Task » Would you work out how many lines below include the word "Divide"? Only that number is wanted.

(Stored dataset items)
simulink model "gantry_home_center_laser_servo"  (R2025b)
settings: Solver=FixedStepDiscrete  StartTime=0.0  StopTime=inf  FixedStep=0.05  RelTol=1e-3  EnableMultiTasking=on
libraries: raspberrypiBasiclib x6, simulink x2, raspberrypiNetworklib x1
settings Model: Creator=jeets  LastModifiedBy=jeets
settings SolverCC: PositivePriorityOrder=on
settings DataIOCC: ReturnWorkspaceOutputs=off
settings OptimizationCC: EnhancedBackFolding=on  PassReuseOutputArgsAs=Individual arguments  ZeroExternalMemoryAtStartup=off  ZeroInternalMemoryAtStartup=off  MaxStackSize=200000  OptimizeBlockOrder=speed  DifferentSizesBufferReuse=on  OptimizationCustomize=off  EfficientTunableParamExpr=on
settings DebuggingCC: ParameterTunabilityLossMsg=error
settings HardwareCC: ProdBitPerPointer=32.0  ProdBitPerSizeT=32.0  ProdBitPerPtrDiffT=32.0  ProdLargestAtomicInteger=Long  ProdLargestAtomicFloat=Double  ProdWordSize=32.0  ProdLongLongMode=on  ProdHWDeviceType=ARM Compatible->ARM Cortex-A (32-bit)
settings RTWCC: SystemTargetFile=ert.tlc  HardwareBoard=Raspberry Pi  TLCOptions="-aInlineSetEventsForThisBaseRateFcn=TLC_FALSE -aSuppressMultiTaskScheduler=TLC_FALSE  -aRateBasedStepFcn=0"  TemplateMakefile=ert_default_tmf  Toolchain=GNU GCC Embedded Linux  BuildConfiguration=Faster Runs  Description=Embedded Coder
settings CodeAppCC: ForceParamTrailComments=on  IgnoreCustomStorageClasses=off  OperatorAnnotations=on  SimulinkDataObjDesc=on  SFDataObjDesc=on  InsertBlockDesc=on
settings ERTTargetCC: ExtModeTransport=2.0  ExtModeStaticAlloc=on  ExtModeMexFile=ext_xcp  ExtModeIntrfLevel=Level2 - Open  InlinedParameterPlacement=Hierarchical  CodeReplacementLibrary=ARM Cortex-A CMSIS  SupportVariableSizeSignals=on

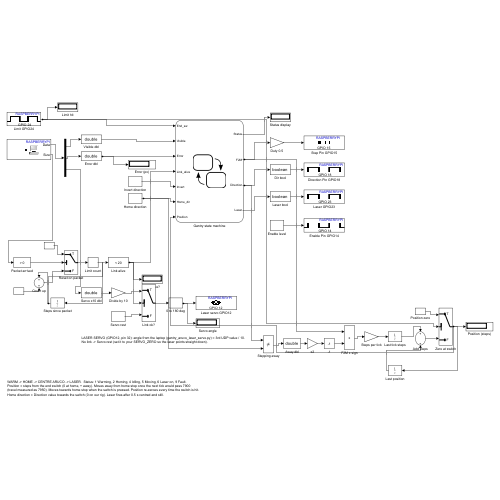
[thumbnail: Simulink's stored preview of the top-level diagram]
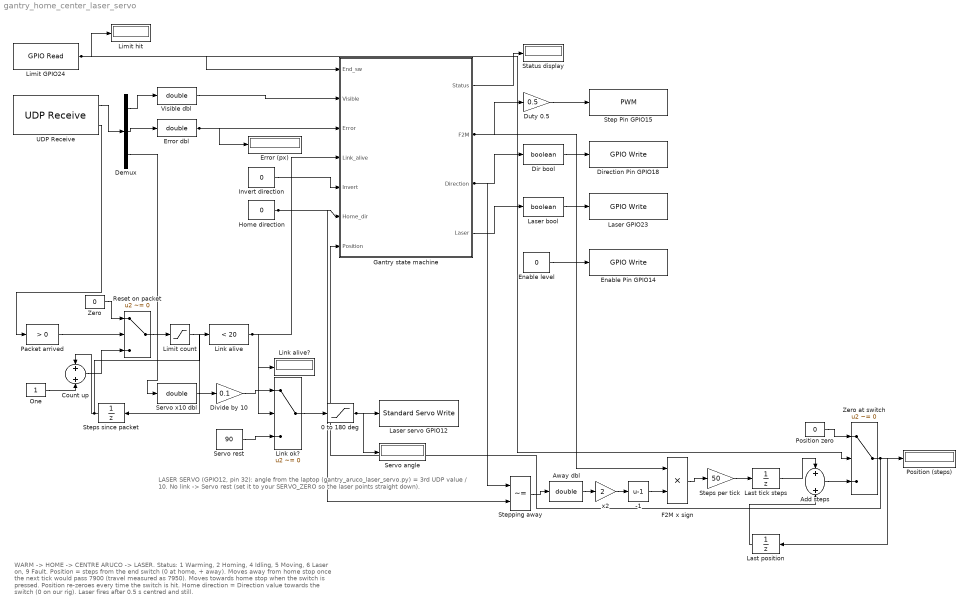
== system gantry_home_center_laser_servo ==
  note: WARM -> HOME -> CENTRE ARUCO -> LASER.  Status: 1 Warming, 2 Homing, 4 Idling, 5 Moving, 6 Laser on, 9 Fault.
      | Position = steps from the end switch (0 at home, + away). Moves away from home stop once the next tick would pass 7900
      | (travel measured as 7950). Moves towards home stop when the switch is pressed. Position re-zeroes every time the switch is hit.
      | Home direction = Direction value towards the switch (0 on our rig). Laser fires after 0.5 s centred and still.
  note: LASER SERVO (GPIO12, pin 32): angle from the laptop (gantry_aruco_laser_servo.py) = 3rd UDP value / 10.
      | No link -> Servo rest (set it to your SERVO_ZERO so the laser points straight down).
  -1 : Bias  Bias=-1  SaturateOnIntegerOverflow=off
  0 to 180 deg : Saturate  UpperLimit=180  LowerLimit=0
  Add steps : Sum
  Away dbl : DataTypeConversion  OutDataTypeStr=double  SaturateOnIntegerOverflow=off  RndMeth=Floor
  Count up : Sum
  Demux : Demux  Outputs=3
  Dir bool : DataTypeConversion  OutDataTypeStr=boolean  SaturateOnIntegerOverflow=off  RndMeth=Floor
  Direction Pin GPIO18 : raspberrypiBasiclib/GPIO Write  BoardProperty=Pi 3 Model B+  gpio=18  blockPlatform=Raspberry Pi  PinNumber=17  board=[]  direction=[]
  Divide by 10 : Gain  Gain=0.1
  Duty 0.5 : Gain  Gain=0.5
  Enable Pin GPIO14 : raspberrypiBasiclib/GPIO Write  BoardProperty=Pi 3 Model B+  gpio=14  blockPlatform=Raspberry Pi  PinNumber=17  board=[]  direction=[]
  Enable level : Constant  Value=0  OutDataTypeStr=boolean
  Error (px) : Display
  Error dbl : DataTypeConversion  OutDataTypeStr=double  SaturateOnIntegerOverflow=off  RndMeth=Floor
  F2M x sign : Product
  Gantry state machine : Stateflow chart  TreatAsAtomicUnit=on
  Home direction : Constant  Value=0
  Invert direction : Constant  Value=0
  Laser GPIO23 : raspberrypiBasiclib/GPIO Write  BoardProperty=Pi 3 Model B+  gpio=23  blockPlatform=Raspberry Pi  PinNumber=17  board=[]  direction=[]
  Laser bool : DataTypeConversion  OutDataTypeStr=boolean  SaturateOnIntegerOverflow=off  RndMeth=Floor
  Laser servo GPIO12 : raspberrypiBasiclib/Standard Servo Write  board=Pi 3 Model B+  Pin_=12  MinPulseDuration=1000e-6  MaxPulseDuration=2000e-6  blockPlatform=Raspberry Pi
  Last position : UnitDelay  SampleTime=0.05  HasFrameUpgradeWarning=on
  Last tick steps : UnitDelay  SampleTime=0.05  HasFrameUpgradeWarning=on
  Limit GPIO24 : raspberrypiBasiclib/GPIO Read  BoardProperty=Pi 3 Model B+  gpio=24  SampleTime=0.05  blockPlatform=Raspberry Pi  PinNumber=4  board=[]  direction=[]  internalResistor=[]
  Limit count : Saturate  UpperLimit=1000  LowerLimit=0
  Limit hit : Display
  Link alive : simulink/Logic and Bit Operations/Compare To Constant  relop=<  const=20  OutDataTypeStr=boolean
  Link alive? : Display
  Link ok? : Switch  Criteria=u2 ~= 0  SaturateOnIntegerOverflow=off  InputSameDT=off
  One : Constant
  Packet arrived : simulink/Logic and Bit Operations/Compare To Zero  relop=>  OutDataTypeStr=boolean
  Position (steps) : Display
  Position zero : Constant  Value=0
  Reset on packet : Switch  Criteria=u2 ~= 0  SaturateOnIntegerOverflow=off  InputSameDT=off
  Servo angle : Display
  Servo rest : Constant  Value=90
  Servo x10 dbl : DataTypeConversion  OutDataTypeStr=double  SaturateOnIntegerOverflow=off  RndMeth=Floor
  Status display : Display
  Step Pin GPIO15 : raspberrypiBasiclib/PWM  board=Pi 3 Model B+  Pin_=15  Frequency=1000  blockPlatform=Raspberry Pi
  Stepping away : RelationalOperator  Operator=~=  OutDataTypeStr=boolean  RndMeth=Simplest  InputSameDT=off
  Steps per tick : Gain  Gain=50
  Steps since packet : UnitDelay  InitialCondition=20  SampleTime=0.05  HasFrameUpgradeWarning=on
  UDP Receive : raspberrypiNetworklib/UDP Receive  localURL='0.0.0.0'  localPort=50001  remoteURL='0.0.0.0'  remotePort=-1  recvBufferSize=8192  signalDatatype=int16  dims=3  isVarSize=off  showBlockingTime=off  blockingTime=0  sampletime=0.05  blockPlatform=Raspberry Pi
  Visible dbl : DataTypeConversion  OutDataTypeStr=double  SaturateOnIntegerOverflow=off  RndMeth=Floor
  Zero : Constant  Value=0
  Zero at switch : Switch  Criteria=u2 ~= 0  SaturateOnIntegerOverflow=off  InputSameDT=off
  x2 : Gain  Gain=2
  wires:
  Limit GPIO24/1 -> Gantry state machine/1(End_sw), Limit hit/1, Zero at switch/2
  UDP Receive/1 -> Demux/1
  Demux/1 -> Visible dbl/1
  Visible dbl/1 -> Gantry state machine/2(Visible)
  Demux/2 -> Error dbl/1
  Error dbl/1 -> Gantry state machine/3(Error), Error (px)/1
  Link alive/1 -> Gantry state machine/4(Link_alive), Link alive?/1, Link ok?/2
  Invert direction/1 -> Gantry state machine/5(Invert)
  Home direction/1 -> Gantry state machine/6(Home_dir), Stepping away/2
  Zero at switch/1 -> Gantry state machine/7(Position), Last position/1, Position (steps)/1
  Gantry state machine/1(Status) -> Status display/1
  Gantry state machine/2(F2M) -> Duty 0.5/1, F2M x sign/1
  Duty 0.5/1 -> Step Pin GPIO15/1
  Gantry state machine/3(Direction) -> Dir bool/1, Stepping away/1
  Dir bool/1 -> Direction Pin GPIO18/1
  Gantry state machine/4(Laser) -> Laser bool/1
  Laser bool/1 -> Laser GPIO23/1
  Enable level/1 -> Enable Pin GPIO14/1
  UDP Receive/2 -> Packet arrived/1
  Zero/1 -> Reset on packet/1
  Packet arrived/1 -> Reset on packet/2
  Count up/1 -> Reset on packet/3
  Reset on packet/1 -> Limit count/1
  Limit count/1 -> Steps since packet/1
  Steps since packet/1 -> Count up/1, Link alive/1
  One/1 -> Count up/2
  Stepping away/1 -> Away dbl/1
  Away dbl/1 -> x2/1
  x2/1 -> -1/1
  -1/1 -> F2M x sign/2
  F2M x sign/1 -> Steps per tick/1
  Steps per tick/1 -> Last tick steps/1
  Last tick steps/1 -> Add steps/1
  Last position/1 -> Add steps/2
  Position zero/1 -> Zero at switch/1
  Add steps/1 -> Zero at switch/3
  Demux/3 -> Servo x10 dbl/1
  Servo x10 dbl/1 -> Divide by 10/1
  Divide by 10/1 -> Link ok?/1
  Servo rest/1 -> Link ok?/3
  Link ok?/1 -> 0 to 180 deg/1
  0 to 180 deg/1 -> Laser servo GPIO12/1, Servo angle/1

== stateflow chart gantry_home_center_laser_servo/Gantry state machine ==
  settings: updateMethod=DISCRETE  sampleTime=0.05
  state Warming
    en:
    Status = 1;
    F2M = 0;
    Laser = 0;
  state Homing
    en:
    Status = 2;
    Direction = Home_dir;
    F2M = 1;
  state Fault
    en:
    Status = 9;
    F2M = 0;
    Laser = 0;
  state Moving
    en, du:
    Status = 5;
    Direction = double(xor(Error > 0, Invert ~= 0));
    F2M = 1;
  state Idling
    en:
    Status = 4;
    F2M = 0;
    Laser = 0;
    Dwell = 0;
    du:
    if (Link_alive && Visible && abs(Error) < 40)
    Dwell = Dwell + 1;
    else
    Dwell = 0;
    end
  state Laser_On
    en:
    Status = 6;
    F2M = 0;
    Laser = 1;
  (default) -> Warming
  Warming -> Homing : after(5,sec)
  Homing -> Fault [order 2] : after(20,sec)
  Laser_On -> Idling : [~(Link_alive && Visible && abs(Error) < 40)]
  Idling -> Moving [order 1] : [Link_alive && Visible && abs(Error) > 40 && ~((End_sw == 1 && double(xor(Error > 0, Invert ~= 0)) == Home_dir) || (double(xor(Error > 0, Invert ~= 0)) ~= Home_dir && Position + 50 > 7900))]
  Homing -> Idling [order 1] : [End_sw == 1]
  Moving -> Idling : [~Link_alive || ~Visible || abs(Error) < 15 || ((End_sw == 1 && double(xor(Error > 0, Invert ~= 0)) == Home_dir) || (double(xor(Error > 0, Invert ~= 0)) ~= Home_dir && Position + 50 > 7900))]
  Idling -> Laser_On [order 2] : [Dwell >= 10]
  data: End_sw input; Visible input; Error input; Link_alive input; Invert input; Home_dir input; Position input; Status output double; F2M output double; Direction output double; Laser output double; Dwell local double =0

Answer to the problem » 3